PROBLEM DETAILS: What is needed here is an exact repetition of the records below, beginning at the line that has "#43=VERTEX_POINT('',#42);" and stopping after the line that has "#68=CIRCLE('',#67,4.97970882682914);".

▶

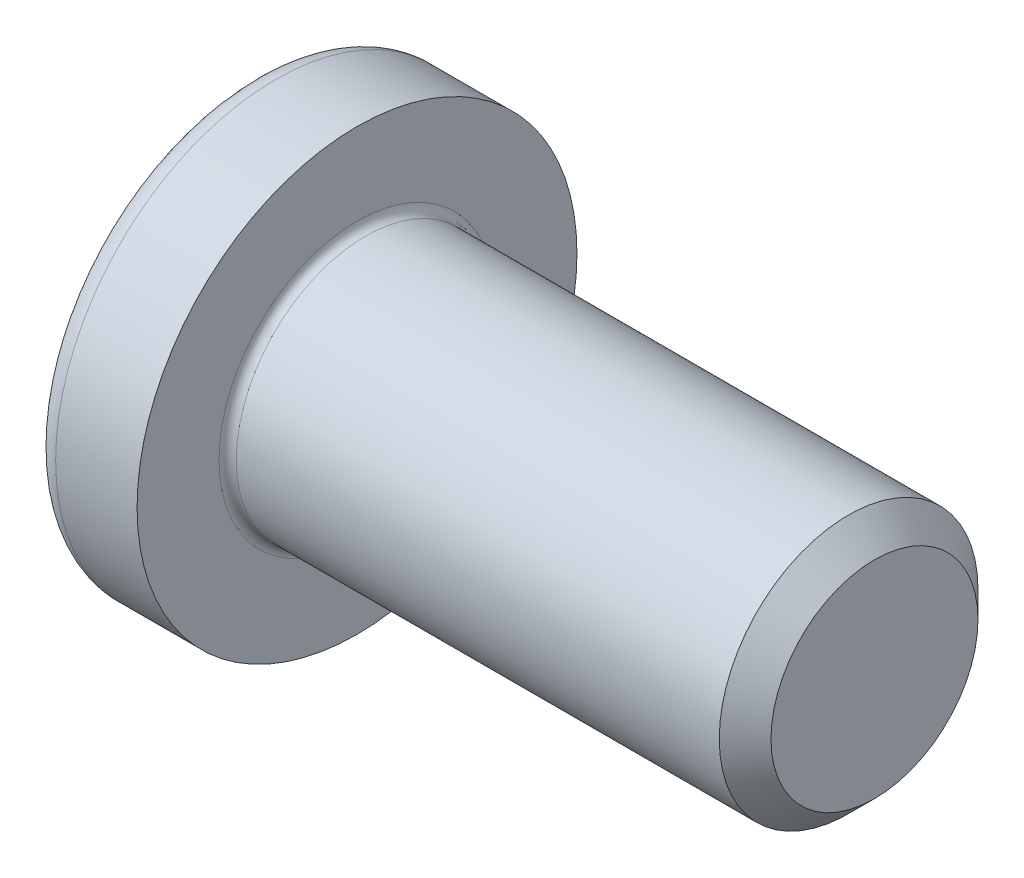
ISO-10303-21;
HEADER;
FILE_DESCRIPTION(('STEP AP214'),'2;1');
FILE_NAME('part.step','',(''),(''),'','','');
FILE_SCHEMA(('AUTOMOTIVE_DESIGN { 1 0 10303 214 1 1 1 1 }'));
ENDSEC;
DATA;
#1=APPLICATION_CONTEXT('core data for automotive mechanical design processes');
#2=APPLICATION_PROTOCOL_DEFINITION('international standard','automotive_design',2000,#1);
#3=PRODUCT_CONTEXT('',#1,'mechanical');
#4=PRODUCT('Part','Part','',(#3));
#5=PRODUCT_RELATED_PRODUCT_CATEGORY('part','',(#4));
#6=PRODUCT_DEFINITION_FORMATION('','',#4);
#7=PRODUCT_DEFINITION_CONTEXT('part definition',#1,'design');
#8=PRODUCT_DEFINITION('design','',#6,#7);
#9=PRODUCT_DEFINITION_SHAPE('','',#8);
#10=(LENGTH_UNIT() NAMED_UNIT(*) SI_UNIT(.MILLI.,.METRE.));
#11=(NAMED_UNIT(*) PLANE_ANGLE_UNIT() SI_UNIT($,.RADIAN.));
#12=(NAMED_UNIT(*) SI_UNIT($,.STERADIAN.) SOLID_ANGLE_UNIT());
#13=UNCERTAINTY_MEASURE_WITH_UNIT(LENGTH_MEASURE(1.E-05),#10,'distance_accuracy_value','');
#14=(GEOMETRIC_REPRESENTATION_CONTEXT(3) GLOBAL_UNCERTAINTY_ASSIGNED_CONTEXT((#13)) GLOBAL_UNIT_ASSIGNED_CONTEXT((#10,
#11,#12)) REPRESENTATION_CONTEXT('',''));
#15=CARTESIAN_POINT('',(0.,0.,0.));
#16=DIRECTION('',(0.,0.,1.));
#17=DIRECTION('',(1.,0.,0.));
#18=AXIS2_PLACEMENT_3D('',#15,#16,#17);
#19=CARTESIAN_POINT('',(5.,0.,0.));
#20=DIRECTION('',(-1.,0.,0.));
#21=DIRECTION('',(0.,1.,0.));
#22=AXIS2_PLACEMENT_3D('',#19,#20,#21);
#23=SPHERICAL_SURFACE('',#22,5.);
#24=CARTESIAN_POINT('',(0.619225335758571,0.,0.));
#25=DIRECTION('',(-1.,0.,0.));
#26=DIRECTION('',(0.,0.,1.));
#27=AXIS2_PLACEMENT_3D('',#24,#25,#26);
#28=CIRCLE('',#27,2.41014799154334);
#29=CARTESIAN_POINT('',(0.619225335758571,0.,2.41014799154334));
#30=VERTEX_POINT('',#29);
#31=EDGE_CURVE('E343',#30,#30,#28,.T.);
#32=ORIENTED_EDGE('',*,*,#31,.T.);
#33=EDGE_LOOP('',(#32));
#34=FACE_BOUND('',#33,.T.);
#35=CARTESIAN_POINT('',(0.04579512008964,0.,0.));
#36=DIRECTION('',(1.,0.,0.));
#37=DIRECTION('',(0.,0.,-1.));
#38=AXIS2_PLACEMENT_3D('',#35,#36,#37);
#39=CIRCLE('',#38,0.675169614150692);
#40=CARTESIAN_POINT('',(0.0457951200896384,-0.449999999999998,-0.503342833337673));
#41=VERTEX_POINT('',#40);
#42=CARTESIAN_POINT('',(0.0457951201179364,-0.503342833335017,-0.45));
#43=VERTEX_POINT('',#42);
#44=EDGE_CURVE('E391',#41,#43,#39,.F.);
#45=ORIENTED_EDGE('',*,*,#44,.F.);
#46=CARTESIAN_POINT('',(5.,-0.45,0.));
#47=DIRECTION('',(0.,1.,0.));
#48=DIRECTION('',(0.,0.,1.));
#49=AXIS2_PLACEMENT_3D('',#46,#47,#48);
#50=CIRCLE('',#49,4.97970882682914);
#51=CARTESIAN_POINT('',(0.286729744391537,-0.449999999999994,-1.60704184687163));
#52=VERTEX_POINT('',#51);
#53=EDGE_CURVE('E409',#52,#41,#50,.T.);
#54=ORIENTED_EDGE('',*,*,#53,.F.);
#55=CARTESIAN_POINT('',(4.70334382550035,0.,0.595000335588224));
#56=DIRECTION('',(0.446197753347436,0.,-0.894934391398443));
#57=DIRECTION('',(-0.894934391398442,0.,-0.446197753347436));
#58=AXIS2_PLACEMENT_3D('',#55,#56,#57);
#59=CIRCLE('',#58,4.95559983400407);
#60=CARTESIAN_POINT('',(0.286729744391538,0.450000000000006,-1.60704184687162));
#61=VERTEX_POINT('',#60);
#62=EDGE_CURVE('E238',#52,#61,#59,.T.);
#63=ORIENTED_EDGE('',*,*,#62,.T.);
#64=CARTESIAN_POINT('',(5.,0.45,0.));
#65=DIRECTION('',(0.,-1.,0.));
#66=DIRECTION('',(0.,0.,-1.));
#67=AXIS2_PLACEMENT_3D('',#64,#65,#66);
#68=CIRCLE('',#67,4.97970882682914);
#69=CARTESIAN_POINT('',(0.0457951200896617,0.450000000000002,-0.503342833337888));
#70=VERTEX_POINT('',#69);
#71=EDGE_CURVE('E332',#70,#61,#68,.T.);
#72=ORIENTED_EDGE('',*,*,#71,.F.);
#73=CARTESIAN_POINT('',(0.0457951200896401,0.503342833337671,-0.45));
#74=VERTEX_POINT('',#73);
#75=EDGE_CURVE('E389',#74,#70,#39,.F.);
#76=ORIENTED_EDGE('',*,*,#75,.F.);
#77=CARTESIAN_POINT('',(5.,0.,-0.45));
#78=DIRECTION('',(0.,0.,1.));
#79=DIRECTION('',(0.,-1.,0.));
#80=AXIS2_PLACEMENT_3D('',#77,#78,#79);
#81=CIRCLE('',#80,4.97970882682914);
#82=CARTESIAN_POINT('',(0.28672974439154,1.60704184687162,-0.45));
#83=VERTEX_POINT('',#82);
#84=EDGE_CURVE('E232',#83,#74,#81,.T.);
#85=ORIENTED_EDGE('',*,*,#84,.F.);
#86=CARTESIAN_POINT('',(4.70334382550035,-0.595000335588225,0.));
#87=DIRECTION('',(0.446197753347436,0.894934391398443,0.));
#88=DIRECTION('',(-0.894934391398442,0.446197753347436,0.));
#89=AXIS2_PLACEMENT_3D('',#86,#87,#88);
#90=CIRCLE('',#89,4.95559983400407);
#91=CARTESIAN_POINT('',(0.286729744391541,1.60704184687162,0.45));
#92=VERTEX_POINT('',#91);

◀

FINISHED TASK:
#43=VERTEX_POINT('',#42);
#44=EDGE_CURVE('E391',#41,#43,#39,.F.);
#45=ORIENTED_EDGE('',*,*,#44,.F.);
#46=CARTESIAN_POINT('',(5.,-0.45,0.));
#47=DIRECTION('',(0.,1.,0.));
#48=DIRECTION('',(0.,0.,1.));
#49=AXIS2_PLACEMENT_3D('',#46,#47,#48);
#50=CIRCLE('',#49,4.97970882682914);
#51=CARTESIAN_POINT('',(0.286729744391537,-0.449999999999994,-1.60704184687163));
#52=VERTEX_POINT('',#51);
#53=EDGE_CURVE('E409',#52,#41,#50,.T.);
#54=ORIENTED_EDGE('',*,*,#53,.F.);
#55=CARTESIAN_POINT('',(4.70334382550035,0.,0.595000335588224));
#56=DIRECTION('',(0.446197753347436,0.,-0.894934391398443));
#57=DIRECTION('',(-0.894934391398442,0.,-0.446197753347436));
#58=AXIS2_PLACEMENT_3D('',#55,#56,#57);
#59=CIRCLE('',#58,4.95559983400407);
#60=CARTESIAN_POINT('',(0.286729744391538,0.450000000000006,-1.60704184687162));
#61=VERTEX_POINT('',#60);
#62=EDGE_CURVE('E238',#52,#61,#59,.T.);
#63=ORIENTED_EDGE('',*,*,#62,.T.);
#64=CARTESIAN_POINT('',(5.,0.45,0.));
#65=DIRECTION('',(0.,-1.,0.));
#66=DIRECTION('',(0.,0.,-1.));
#67=AXIS2_PLACEMENT_3D('',#64,#65,#66);
#68=CIRCLE('',#67,4.97970882682914);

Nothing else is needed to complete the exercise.